**The problem**: Go through the entries below and print, exactly, the lines starting at the one with "#66=EDGE_LOOP('',(#65));" and ending at the one with "#101=FACE_BOUND('',#100,.T.);", keeping both ends and no others.

(Data excerpts)
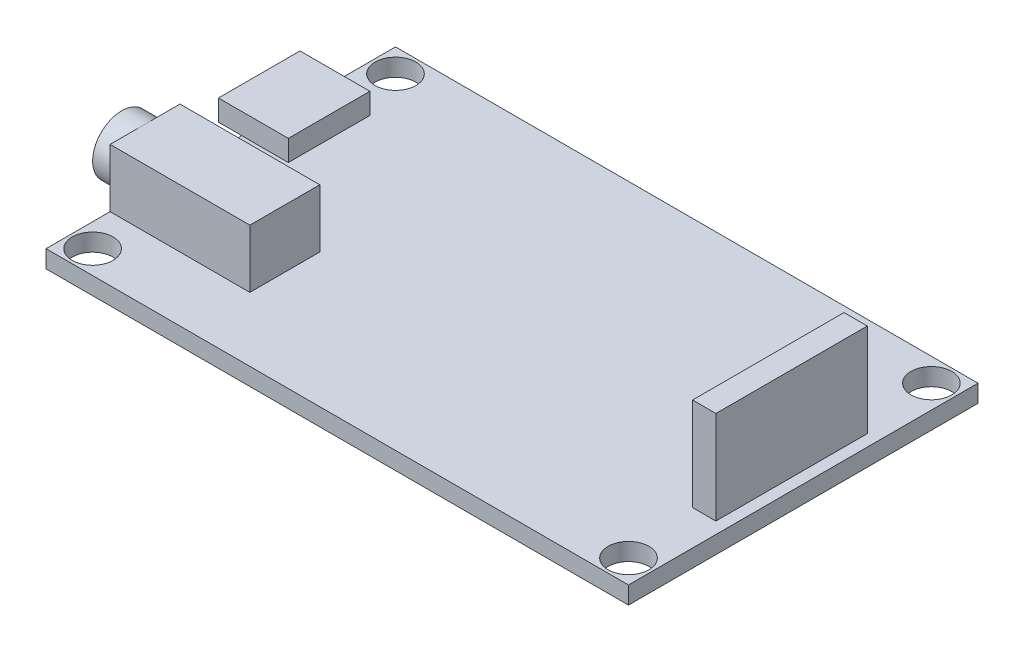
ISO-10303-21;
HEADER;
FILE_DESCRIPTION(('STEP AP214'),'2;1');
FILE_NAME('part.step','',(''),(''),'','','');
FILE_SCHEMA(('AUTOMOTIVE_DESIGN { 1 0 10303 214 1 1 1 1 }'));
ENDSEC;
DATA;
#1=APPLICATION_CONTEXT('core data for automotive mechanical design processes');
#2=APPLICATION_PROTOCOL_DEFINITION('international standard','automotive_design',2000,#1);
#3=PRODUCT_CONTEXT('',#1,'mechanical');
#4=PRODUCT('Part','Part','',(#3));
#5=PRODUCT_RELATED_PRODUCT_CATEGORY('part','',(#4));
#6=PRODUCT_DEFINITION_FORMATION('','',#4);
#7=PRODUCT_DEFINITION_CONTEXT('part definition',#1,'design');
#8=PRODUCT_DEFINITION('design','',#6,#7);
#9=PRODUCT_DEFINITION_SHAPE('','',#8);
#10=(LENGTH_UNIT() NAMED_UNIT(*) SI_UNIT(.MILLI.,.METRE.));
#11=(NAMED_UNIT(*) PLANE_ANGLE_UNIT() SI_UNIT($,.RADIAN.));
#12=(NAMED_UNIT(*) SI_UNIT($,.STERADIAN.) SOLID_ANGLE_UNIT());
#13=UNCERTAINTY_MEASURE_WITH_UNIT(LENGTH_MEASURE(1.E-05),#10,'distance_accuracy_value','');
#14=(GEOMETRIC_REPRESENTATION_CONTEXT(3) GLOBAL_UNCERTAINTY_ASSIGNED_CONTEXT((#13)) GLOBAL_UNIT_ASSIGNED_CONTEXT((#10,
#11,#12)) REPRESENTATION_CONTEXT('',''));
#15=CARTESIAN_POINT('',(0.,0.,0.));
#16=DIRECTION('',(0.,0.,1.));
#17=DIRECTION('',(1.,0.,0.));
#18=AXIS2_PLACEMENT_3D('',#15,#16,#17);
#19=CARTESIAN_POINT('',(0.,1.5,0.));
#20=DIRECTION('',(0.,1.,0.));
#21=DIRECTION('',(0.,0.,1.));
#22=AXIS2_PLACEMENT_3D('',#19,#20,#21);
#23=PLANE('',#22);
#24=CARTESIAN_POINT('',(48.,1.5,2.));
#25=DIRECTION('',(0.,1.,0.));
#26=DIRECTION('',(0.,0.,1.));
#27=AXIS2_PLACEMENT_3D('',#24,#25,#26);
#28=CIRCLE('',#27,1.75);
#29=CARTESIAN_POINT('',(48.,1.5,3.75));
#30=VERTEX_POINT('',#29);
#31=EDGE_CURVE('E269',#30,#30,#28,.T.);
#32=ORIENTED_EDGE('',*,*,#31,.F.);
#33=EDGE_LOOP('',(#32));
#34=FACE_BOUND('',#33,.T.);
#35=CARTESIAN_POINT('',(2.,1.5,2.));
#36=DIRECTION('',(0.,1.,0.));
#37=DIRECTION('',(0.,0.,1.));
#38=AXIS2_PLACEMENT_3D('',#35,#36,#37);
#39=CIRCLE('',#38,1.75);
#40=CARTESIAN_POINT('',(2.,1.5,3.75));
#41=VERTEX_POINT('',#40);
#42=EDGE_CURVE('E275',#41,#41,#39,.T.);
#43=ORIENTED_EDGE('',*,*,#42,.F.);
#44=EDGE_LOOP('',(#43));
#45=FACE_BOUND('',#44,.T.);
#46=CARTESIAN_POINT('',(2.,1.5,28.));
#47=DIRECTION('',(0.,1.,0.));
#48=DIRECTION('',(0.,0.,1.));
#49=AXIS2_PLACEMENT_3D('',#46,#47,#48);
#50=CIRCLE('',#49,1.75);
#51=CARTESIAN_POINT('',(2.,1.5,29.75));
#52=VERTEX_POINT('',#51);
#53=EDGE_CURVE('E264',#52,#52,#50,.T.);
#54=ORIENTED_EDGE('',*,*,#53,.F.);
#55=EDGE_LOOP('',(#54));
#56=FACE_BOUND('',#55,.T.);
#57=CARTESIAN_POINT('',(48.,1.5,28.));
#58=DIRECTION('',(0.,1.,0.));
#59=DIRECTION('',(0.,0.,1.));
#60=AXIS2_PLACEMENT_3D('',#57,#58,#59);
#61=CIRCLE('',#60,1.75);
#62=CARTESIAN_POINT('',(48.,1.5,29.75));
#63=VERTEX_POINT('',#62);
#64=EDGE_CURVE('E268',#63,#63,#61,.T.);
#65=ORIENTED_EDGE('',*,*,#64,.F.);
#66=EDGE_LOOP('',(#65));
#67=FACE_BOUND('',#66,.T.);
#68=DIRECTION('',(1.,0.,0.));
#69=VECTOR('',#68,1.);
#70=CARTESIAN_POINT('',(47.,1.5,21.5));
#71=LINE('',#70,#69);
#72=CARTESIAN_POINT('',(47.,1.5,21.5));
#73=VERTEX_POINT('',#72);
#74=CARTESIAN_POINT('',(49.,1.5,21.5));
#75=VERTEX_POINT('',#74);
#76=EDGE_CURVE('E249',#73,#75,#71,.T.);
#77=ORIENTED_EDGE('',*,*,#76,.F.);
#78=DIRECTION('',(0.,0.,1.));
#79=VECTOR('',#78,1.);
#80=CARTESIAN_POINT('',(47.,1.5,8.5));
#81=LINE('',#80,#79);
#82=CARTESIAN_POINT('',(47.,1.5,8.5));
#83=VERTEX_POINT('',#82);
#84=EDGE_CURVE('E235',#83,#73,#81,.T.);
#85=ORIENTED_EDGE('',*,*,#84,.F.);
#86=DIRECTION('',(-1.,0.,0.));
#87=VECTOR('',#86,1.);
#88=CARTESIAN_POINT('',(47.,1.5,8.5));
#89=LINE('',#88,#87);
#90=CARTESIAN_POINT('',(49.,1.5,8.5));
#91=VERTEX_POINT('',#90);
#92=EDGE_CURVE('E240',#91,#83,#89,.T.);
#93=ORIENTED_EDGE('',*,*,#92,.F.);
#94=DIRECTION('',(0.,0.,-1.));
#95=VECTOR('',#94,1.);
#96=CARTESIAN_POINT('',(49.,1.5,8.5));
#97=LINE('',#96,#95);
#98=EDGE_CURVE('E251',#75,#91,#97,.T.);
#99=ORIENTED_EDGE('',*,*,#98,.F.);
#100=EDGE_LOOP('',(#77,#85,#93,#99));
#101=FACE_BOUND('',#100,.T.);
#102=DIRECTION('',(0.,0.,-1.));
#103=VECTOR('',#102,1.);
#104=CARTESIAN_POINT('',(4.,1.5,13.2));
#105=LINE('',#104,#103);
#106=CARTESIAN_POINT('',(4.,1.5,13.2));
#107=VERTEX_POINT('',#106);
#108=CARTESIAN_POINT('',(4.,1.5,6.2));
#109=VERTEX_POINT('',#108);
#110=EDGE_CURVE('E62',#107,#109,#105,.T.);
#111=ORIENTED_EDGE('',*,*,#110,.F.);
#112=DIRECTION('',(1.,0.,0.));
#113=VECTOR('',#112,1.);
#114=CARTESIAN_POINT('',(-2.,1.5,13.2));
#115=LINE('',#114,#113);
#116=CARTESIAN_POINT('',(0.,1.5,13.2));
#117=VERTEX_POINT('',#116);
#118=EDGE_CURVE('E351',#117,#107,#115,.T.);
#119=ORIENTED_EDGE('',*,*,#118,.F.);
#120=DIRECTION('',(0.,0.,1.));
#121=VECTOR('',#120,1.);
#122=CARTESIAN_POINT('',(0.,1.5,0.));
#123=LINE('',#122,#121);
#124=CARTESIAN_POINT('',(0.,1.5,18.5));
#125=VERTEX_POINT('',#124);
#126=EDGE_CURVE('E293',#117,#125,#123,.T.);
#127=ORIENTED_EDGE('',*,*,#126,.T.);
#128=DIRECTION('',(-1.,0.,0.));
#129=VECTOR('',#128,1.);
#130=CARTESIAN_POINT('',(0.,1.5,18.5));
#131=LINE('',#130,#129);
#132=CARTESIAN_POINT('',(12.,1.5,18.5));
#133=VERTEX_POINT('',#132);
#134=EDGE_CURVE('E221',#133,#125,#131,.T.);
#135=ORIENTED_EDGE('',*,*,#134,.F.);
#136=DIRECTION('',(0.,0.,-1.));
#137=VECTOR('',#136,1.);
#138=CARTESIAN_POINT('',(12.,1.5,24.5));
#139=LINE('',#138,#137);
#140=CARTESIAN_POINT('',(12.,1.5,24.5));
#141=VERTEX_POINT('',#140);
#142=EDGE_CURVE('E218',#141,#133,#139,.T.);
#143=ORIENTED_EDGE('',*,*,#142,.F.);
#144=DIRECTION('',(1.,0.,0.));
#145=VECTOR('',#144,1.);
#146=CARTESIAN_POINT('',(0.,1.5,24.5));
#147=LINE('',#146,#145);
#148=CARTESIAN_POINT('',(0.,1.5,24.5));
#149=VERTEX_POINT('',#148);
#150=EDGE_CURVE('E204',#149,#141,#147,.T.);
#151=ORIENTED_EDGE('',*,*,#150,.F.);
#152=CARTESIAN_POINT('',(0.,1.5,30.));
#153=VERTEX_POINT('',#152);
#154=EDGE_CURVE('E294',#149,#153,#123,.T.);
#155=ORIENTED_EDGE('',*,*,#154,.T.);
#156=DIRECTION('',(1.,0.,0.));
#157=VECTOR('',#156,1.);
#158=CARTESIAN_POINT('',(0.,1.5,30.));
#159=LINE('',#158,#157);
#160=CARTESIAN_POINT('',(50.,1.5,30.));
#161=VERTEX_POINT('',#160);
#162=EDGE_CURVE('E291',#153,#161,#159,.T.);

**Result for this task**:
#66=EDGE_LOOP('',(#65));
#67=FACE_BOUND('',#66,.T.);
#68=DIRECTION('',(1.,0.,0.));
#69=VECTOR('',#68,1.);
#70=CARTESIAN_POINT('',(47.,1.5,21.5));
#71=LINE('',#70,#69);
#72=CARTESIAN_POINT('',(47.,1.5,21.5));
#73=VERTEX_POINT('',#72);
#74=CARTESIAN_POINT('',(49.,1.5,21.5));
#75=VERTEX_POINT('',#74);
#76=EDGE_CURVE('E249',#73,#75,#71,.T.);
#77=ORIENTED_EDGE('',*,*,#76,.F.);
#78=DIRECTION('',(0.,0.,1.));
#79=VECTOR('',#78,1.);
#80=CARTESIAN_POINT('',(47.,1.5,8.5));
#81=LINE('',#80,#79);
#82=CARTESIAN_POINT('',(47.,1.5,8.5));
#83=VERTEX_POINT('',#82);
#84=EDGE_CURVE('E235',#83,#73,#81,.T.);
#85=ORIENTED_EDGE('',*,*,#84,.F.);
#86=DIRECTION('',(-1.,0.,0.));
#87=VECTOR('',#86,1.);
#88=CARTESIAN_POINT('',(47.,1.5,8.5));
#89=LINE('',#88,#87);
#90=CARTESIAN_POINT('',(49.,1.5,8.5));
#91=VERTEX_POINT('',#90);
#92=EDGE_CURVE('E240',#91,#83,#89,.T.);
#93=ORIENTED_EDGE('',*,*,#92,.F.);
#94=DIRECTION('',(0.,0.,-1.));
#95=VECTOR('',#94,1.);
#96=CARTESIAN_POINT('',(49.,1.5,8.5));
#97=LINE('',#96,#95);
#98=EDGE_CURVE('E251',#75,#91,#97,.T.);
#99=ORIENTED_EDGE('',*,*,#98,.F.);
#100=EDGE_LOOP('',(#77,#85,#93,#99));
#101=FACE_BOUND('',#100,.T.);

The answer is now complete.